Status: Resolved (View Workflow)
Since the output stream of the log is wrapped by a remote proxy in StreamBuildListener, every log message on the slave gets transferred to the master. That's a lot of throughput, and it requires a lot of storage for verbose builds. This slows down our builds. There are workarounds, but they don't address the core scalability issue.
I propose that, just like with abstract artifacts (see VirtualFile, ArtifactManager), task/build listeners be made extensible, so that users can choose something other than a StreamBuildListener in a build. Further, the log should no longer be file-based; the Listener provides the input and output stream. This should be easy to serialize in the "remote logging service" perspective: just provide the service configuration, and an API call can be made from the slave to publish to the log, and any authorized user of the log can subscribe. The master can either directly subscribe and pipe the log through the UI, or another service which is authorized to subscribe to the logging service can provide the UI externally.

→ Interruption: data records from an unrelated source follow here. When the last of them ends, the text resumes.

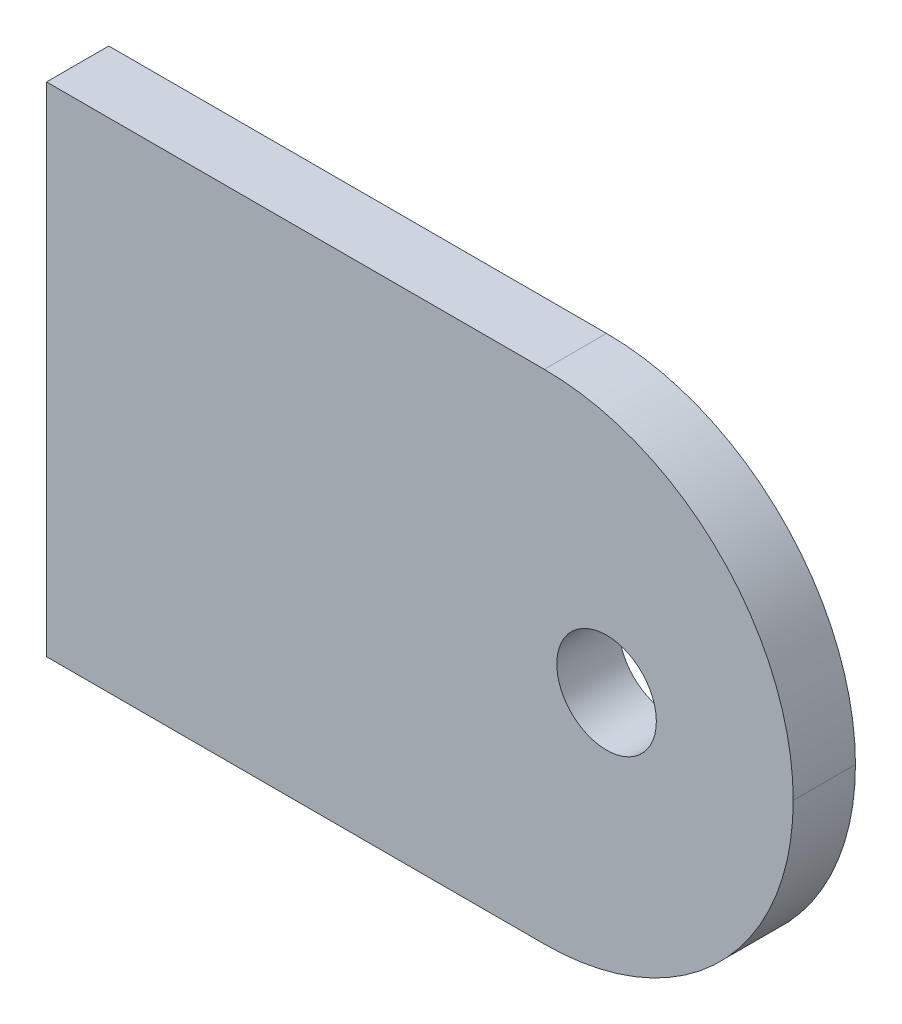
ISO-10303-21;
HEADER;
FILE_DESCRIPTION(('STEP AP214'),'2;1');
FILE_NAME('part.step','',(''),(''),'','','');
FILE_SCHEMA(('AUTOMOTIVE_DESIGN { 1 0 10303 214 1 1 1 1 }'));
ENDSEC;
DATA;
#1=APPLICATION_CONTEXT('core data for automotive mechanical design processes');
#2=APPLICATION_PROTOCOL_DEFINITION('international standard','automotive_design',2000,#1);
#3=PRODUCT_CONTEXT('',#1,'mechanical');
#4=PRODUCT('Part','Part','',(#3));
#5=PRODUCT_RELATED_PRODUCT_CATEGORY('part','',(#4));
#6=PRODUCT_DEFINITION_FORMATION('','',#4);
#7=PRODUCT_DEFINITION_CONTEXT('part definition',#1,'design');
#8=PRODUCT_DEFINITION('design','',#6,#7);
#9=PRODUCT_DEFINITION_SHAPE('','',#8);
#10=(LENGTH_UNIT() NAMED_UNIT(*) SI_UNIT(.MILLI.,.METRE.));
#11=(NAMED_UNIT(*) PLANE_ANGLE_UNIT() SI_UNIT($,.RADIAN.));
#12=(NAMED_UNIT(*) SI_UNIT($,.STERADIAN.) SOLID_ANGLE_UNIT());
#13=UNCERTAINTY_MEASURE_WITH_UNIT(LENGTH_MEASURE(1.E-05),#10,'distance_accuracy_value','');
#14=(GEOMETRIC_REPRESENTATION_CONTEXT(3) GLOBAL_UNCERTAINTY_ASSIGNED_CONTEXT((#13)) GLOBAL_UNIT_ASSIGNED_CONTEXT((#10,
#11,#12)) REPRESENTATION_CONTEXT('',''));
#15=CARTESIAN_POINT('',(0.,0.,0.));
#16=DIRECTION('',(0.,0.,1.));
#17=DIRECTION('',(1.,0.,0.));
#18=AXIS2_PLACEMENT_3D('',#15,#16,#17);
#19=CARTESIAN_POINT('',(38.1,0.,3.175));
#20=DIRECTION('',(0.,1.,0.));
#21=DIRECTION('',(0.,0.,1.));
#22=AXIS2_PLACEMENT_3D('',#19,#20,#21);
#23=PLANE('',#22);
#24=DIRECTION('',(1.,0.,0.));
#25=VECTOR('',#24,1.);
#26=CARTESIAN_POINT('',(38.1,0.,0.));
#27=LINE('',#26,#25);
#28=CARTESIAN_POINT('',(0.,0.,0.));
#29=VERTEX_POINT('',#28);
#30=CARTESIAN_POINT('',(25.4,0.,0.));
#31=VERTEX_POINT('',#30);
#32=EDGE_CURVE('E103',#29,#31,#27,.T.);
#33=ORIENTED_EDGE('',*,*,#32,.T.);
#34=DIRECTION('',(0.,0.,-1.));
#35=VECTOR('',#34,1.);
#36=CARTESIAN_POINT('',(25.4,0.,3.175));
#37=LINE('',#36,#35);
#38=CARTESIAN_POINT('',(25.4,0.,3.175));
#39=VERTEX_POINT('',#38);
#40=EDGE_CURVE('E112',#31,#39,#37,.F.);
#41=ORIENTED_EDGE('',*,*,#40,.T.);
#42=DIRECTION('',(1.,0.,0.));
#43=VECTOR('',#42,1.);
#44=CARTESIAN_POINT('',(38.1,0.,3.175));
#45=LINE('',#44,#43);
#46=CARTESIAN_POINT('',(0.,0.,3.175));
#47=VERTEX_POINT('',#46);
#48=EDGE_CURVE('E84',#47,#39,#45,.T.);
#49=ORIENTED_EDGE('',*,*,#48,.F.);
#50=DIRECTION('',(0.,0.,-1.));
#51=VECTOR('',#50,1.);
#52=CARTESIAN_POINT('',(0.,0.,3.175));
#53=LINE('',#52,#51);
#54=EDGE_CURVE('E94',#47,#29,#53,.T.);
#55=ORIENTED_EDGE('',*,*,#54,.T.);
#56=EDGE_LOOP('',(#33,#41,#49,#55));
#57=FACE_BOUND('',#56,.T.);
#58=ADVANCED_FACE('F35',(#57),#23,.F.);
#59=CARTESIAN_POINT('',(0.,25.4,3.175));
#60=DIRECTION('',(0.,-1.,0.));
#61=DIRECTION('',(0.,0.,-1.));
#62=AXIS2_PLACEMENT_3D('',#59,#60,#61);
#63=PLANE('',#62);
#64=DIRECTION('',(-1.,0.,0.));
#65=VECTOR('',#64,1.);
#66=CARTESIAN_POINT('',(0.,25.4,3.175));
#67=LINE('',#66,#65);
#68=CARTESIAN_POINT('',(25.4,25.4,3.175));
#69=VERTEX_POINT('',#68);
#70=CARTESIAN_POINT('',(0.,25.4,3.175));
#71=VERTEX_POINT('',#70);
#72=EDGE_CURVE('E76',#69,#71,#67,.T.);
#73=ORIENTED_EDGE('',*,*,#72,.F.);
#74=DIRECTION('',(0.,0.,-1.));
#75=VECTOR('',#74,1.);
#76=CARTESIAN_POINT('',(25.4,25.4,3.175));
#77=LINE('',#76,#75);
#78=CARTESIAN_POINT('',(25.4,25.4,0.));
#79=VERTEX_POINT('',#78);
#80=EDGE_CURVE('E11',#69,#79,#77,.T.);
#81=ORIENTED_EDGE('',*,*,#80,.T.);
#82=DIRECTION('',(-1.,0.,0.));
#83=VECTOR('',#82,1.);
#84=CARTESIAN_POINT('',(0.,25.4,0.));
#85=LINE('',#84,#83);
#86=CARTESIAN_POINT('',(0.,25.4,0.));
#87=VERTEX_POINT('',#86);
#88=EDGE_CURVE('E90',#79,#87,#85,.T.);
#89=ORIENTED_EDGE('',*,*,#88,.T.);
#90=DIRECTION('',(0.,0.,-1.));
#91=VECTOR('',#90,1.);
#92=CARTESIAN_POINT('',(0.,25.4,3.175));
#93=LINE('',#92,#91);
#94=EDGE_CURVE('E87',#71,#87,#93,.T.);
#95=ORIENTED_EDGE('',*,*,#94,.F.);
#96=EDGE_LOOP('',(#73,#81,#89,#95));
#97=FACE_BOUND('',#96,.T.);
#98=ADVANCED_FACE('F88',(#97),#63,.F.);
#99=CARTESIAN_POINT('',(0.,0.,3.175));
#100=DIRECTION('',(1.,0.,0.));
#101=DIRECTION('',(0.,0.,-1.));
#102=AXIS2_PLACEMENT_3D('',#99,#100,#101);
#103=PLANE('',#102);
#104=DIRECTION('',(0.,-1.,0.));
#105=VECTOR('',#104,1.);
#106=CARTESIAN_POINT('',(0.,0.,0.));
#107=LINE('',#106,#105);
#108=EDGE_CURVE('E107',#87,#29,#107,.T.);
#109=ORIENTED_EDGE('',*,*,#108,.T.);
#110=ORIENTED_EDGE('',*,*,#54,.F.);
#111=DIRECTION('',(0.,-1.,0.));
#112=VECTOR('',#111,1.);
#113=CARTESIAN_POINT('',(0.,0.,3.175));
#114=LINE('',#113,#112);
#115=EDGE_CURVE('E80',#71,#47,#114,.T.);
#116=ORIENTED_EDGE('',*,*,#115,.F.);
#117=ORIENTED_EDGE('',*,*,#94,.T.);
#118=EDGE_LOOP('',(#109,#110,#116,#117));
#119=FACE_BOUND('',#118,.T.);
#120=ADVANCED_FACE('F96',(#119),#103,.F.);
#121=CARTESIAN_POINT('',(0.,0.,3.175));
#122=DIRECTION('',(0.,0.,-1.));
#123=DIRECTION('',(-1.,0.,0.));
#124=AXIS2_PLACEMENT_3D('',#121,#122,#123);
#125=PLANE('',#124);
#126=CARTESIAN_POINT('',(28.575,12.7,3.175));
#127=DIRECTION('',(0.,0.,1.));
#128=DIRECTION('',(1.,0.,0.));
#129=AXIS2_PLACEMENT_3D('',#126,#127,#128);
#130=CIRCLE('',#129,2.54);
#131=CARTESIAN_POINT('',(31.115,12.7,3.175));
#132=VERTEX_POINT('',#131);
#133=EDGE_CURVE('E122',#132,#132,#130,.T.);
#134=ORIENTED_EDGE('',*,*,#133,.F.);
#135=EDGE_LOOP('',(#134));
#136=FACE_BOUND('',#135,.T.);
#137=ORIENTED_EDGE('',*,*,#48,.T.);
#138=CARTESIAN_POINT('',(25.4,12.7,3.175));
#139=DIRECTION('',(0.,0.,-1.));
#140=DIRECTION('',(-1.,0.,0.));
#141=AXIS2_PLACEMENT_3D('',#138,#139,#140);
#142=CIRCLE('',#141,12.7);
#143=CARTESIAN_POINT('',(38.1,12.7,3.175));
#144=VERTEX_POINT('',#143);
#145=EDGE_CURVE('E44',#39,#144,#142,.F.);
#146=ORIENTED_EDGE('',*,*,#145,.T.);
#147=CARTESIAN_POINT('',(25.4,12.7,3.175));
#148=DIRECTION('',(0.,0.,-1.));
#149=DIRECTION('',(-1.,0.,0.));
#150=AXIS2_PLACEMENT_3D('',#147,#148,#149);
#151=CIRCLE('',#150,12.7);
#152=EDGE_CURVE('E51',#144,#69,#151,.F.);
#153=ORIENTED_EDGE('',*,*,#152,.T.);
#154=ORIENTED_EDGE('',*,*,#72,.T.);
#155=ORIENTED_EDGE('',*,*,#115,.T.);
#156=EDGE_LOOP('',(#137,#146,#153,#154,#155));
#157=FACE_BOUND('',#156,.T.);
#158=ADVANCED_FACE('F78',(#136,#157),#125,.F.);
#159=CARTESIAN_POINT('',(0.,0.,0.));
#160=DIRECTION('',(0.,0.,-1.));
#161=DIRECTION('',(-1.,0.,0.));
#162=AXIS2_PLACEMENT_3D('',#159,#160,#161);
#163=PLANE('',#162);
#164=CARTESIAN_POINT('',(28.575,12.7,0.));
#165=DIRECTION('',(0.,0.,1.));
#166=DIRECTION('',(1.,0.,0.));
#167=AXIS2_PLACEMENT_3D('',#164,#165,#166);
#168=CIRCLE('',#167,2.54);
#169=CARTESIAN_POINT('',(31.115,12.7,0.));
#170=VERTEX_POINT('',#169);
#171=EDGE_CURVE('E125',#170,#170,#168,.T.);
#172=ORIENTED_EDGE('',*,*,#171,.T.);
#173=EDGE_LOOP('',(#172));
#174=FACE_BOUND('',#173,.T.);
#175=CARTESIAN_POINT('',(25.4,12.7,0.));
#176=DIRECTION('',(0.,0.,-1.));
#177=DIRECTION('',(-1.,0.,0.));
#178=AXIS2_PLACEMENT_3D('',#175,#176,#177);
#179=CIRCLE('',#178,12.7);
#180=CARTESIAN_POINT('',(38.1,12.7,0.));
#181=VERTEX_POINT('',#180);
#182=EDGE_CURVE('E93',#79,#181,#179,.T.);
#183=ORIENTED_EDGE('',*,*,#182,.T.);
#184=CARTESIAN_POINT('',(25.4,12.7,0.));
#185=DIRECTION('',(0.,0.,-1.));
#186=DIRECTION('',(-1.,0.,0.));
#187=AXIS2_PLACEMENT_3D('',#184,#185,#186);
#188=CIRCLE('',#187,12.7);
#189=EDGE_CURVE('E110',#181,#31,#188,.T.);
#190=ORIENTED_EDGE('',*,*,#189,.T.);
#191=ORIENTED_EDGE('',*,*,#32,.F.);
#192=ORIENTED_EDGE('',*,*,#108,.F.);
#193=ORIENTED_EDGE('',*,*,#88,.F.);
#194=EDGE_LOOP('',(#183,#190,#191,#192,#193));
#195=FACE_BOUND('',#194,.T.);
#196=ADVANCED_FACE('F135',(#174,#195),#163,.T.);
#197=CARTESIAN_POINT('',(25.4,12.7,3.175));
#198=DIRECTION('',(0.,0.,-1.));
#199=DIRECTION('',(-1.,0.,0.));
#200=AXIS2_PLACEMENT_3D('',#197,#198,#199);
#201=CYLINDRICAL_SURFACE('',#200,12.7);
#202=ORIENTED_EDGE('',*,*,#80,.F.);
#203=ORIENTED_EDGE('',*,*,#152,.F.);
#204=DIRECTION('',(0.,0.,-1.));
#205=VECTOR('',#204,1.);
#206=CARTESIAN_POINT('',(38.1,12.7,3.175));
#207=LINE('',#206,#205);
#208=EDGE_CURVE('E39',#181,#144,#207,.F.);
#209=ORIENTED_EDGE('',*,*,#208,.F.);
#210=ORIENTED_EDGE('',*,*,#182,.F.);
#211=EDGE_LOOP('',(#202,#203,#209,#210));
#212=FACE_BOUND('',#211,.T.);
#213=ADVANCED_FACE('F37',(#212),#201,.T.);
#214=CARTESIAN_POINT('',(25.4,12.7,3.175));
#215=DIRECTION('',(0.,0.,-1.));
#216=DIRECTION('',(-1.,0.,0.));
#217=AXIS2_PLACEMENT_3D('',#214,#215,#216);
#218=CYLINDRICAL_SURFACE('',#217,12.7);
#219=ORIENTED_EDGE('',*,*,#145,.F.);
#220=ORIENTED_EDGE('',*,*,#40,.F.);
#221=ORIENTED_EDGE('',*,*,#189,.F.);
#222=ORIENTED_EDGE('',*,*,#208,.T.);
#223=EDGE_LOOP('',(#219,#220,#221,#222));
#224=FACE_BOUND('',#223,.T.);
#225=ADVANCED_FACE('F131',(#224),#218,.T.);
#226=CARTESIAN_POINT('',(28.575,12.7,0.));
#227=DIRECTION('',(0.,0.,1.));
#228=DIRECTION('',(1.,0.,0.));
#229=AXIS2_PLACEMENT_3D('',#226,#227,#228);
#230=CYLINDRICAL_SURFACE('',#229,2.54);
#231=ORIENTED_EDGE('',*,*,#171,.F.);
#232=EDGE_LOOP('',(#231));
#233=FACE_BOUND('',#232,.T.);
#234=ORIENTED_EDGE('',*,*,#133,.T.);
#235=EDGE_LOOP('',(#234));
#236=FACE_BOUND('',#235,.T.);
#237=ADVANCED_FACE('F152',(#233,#236),#230,.F.);
#238=CLOSED_SHELL('',(#58,#98,#120,#158,#196,#213,#225,#237));
#239=MANIFOLD_SOLID_BREP('B2',#238);
#240=ADVANCED_BREP_SHAPE_REPRESENTATION('',(#18,#239),#14);
#241=SHAPE_DEFINITION_REPRESENTATION(#9,#240);
ENDSEC;
END-ISO-10303-21;

One of the tougher things about this change is that it will not be compatible with any BuildWrapper and ConsoleLogFilter plugins. Those plugins decorate the OutputStream on master referred to by the slave's proxy stream. Since the plugins are on the master, it forces the slave to send all log lines to the master for decoration. This pattern tightly couples the logging concept with a master-based file. In order to maintain compatibility for those users for whom this is not an issue, I recommend a "high availability mode" feature flag. This flag will enable certain features that improve availability and scalability, and disable those extension points (BuildWrapper, ConsoleLogFilter) which are incompatible with this new flow.
JENKINS-38313 External Build Log storage for Jenkins
- In Progress
This is not a permanent change that affects everybody. I wanted to use a feature flag so that people can turn it on or off as needed. Log annotators aren't a hard requirement for everyone, and if I want zero log annotators, I should have that choice. I want this to be an optional feature. Anybody who doesn't opt in will see Jenkins run the same as always. Folks can keep their absolutely necessary, unsparkly Mask Passwords Plugin.
I should have that choice.
I don't think the proposed implementation makes sense in any official Jenkins releases, as turning off a significant part of its functionality in a hidden feature switch isn't a great approach. Having it be designed to be temporary makes it even worse…
If you want to implement it in your fork, feel free – we may even be able to reuse parts of it.
A new interface/super type for build wrappers to indicate their support for running on the slave, and routing through master if not all build wrappers (and whoever else may be involved) support this feature would be a better approach. With added logging which wrappers prevent direct log transfer to your storage, you could easily remove the culprits from your instance and get the same result.
This should be both backward compatible and future proof.
If this has been discussed in more depth in the tech track of the summit yesterday jglick please share the details.
Not in scope for 2.0. Some Jenkins devs including myself have already been discussing this and related scalability overhauls that could happen over the next couple of years, and will be discussing this in depth in a couple of weeks.
The specific start of a proposal here will probably not fly, since there are some log annotators which are hard requirements rather than “sparkle” (such as password masking), but we will look for minimally incompatible ways forward.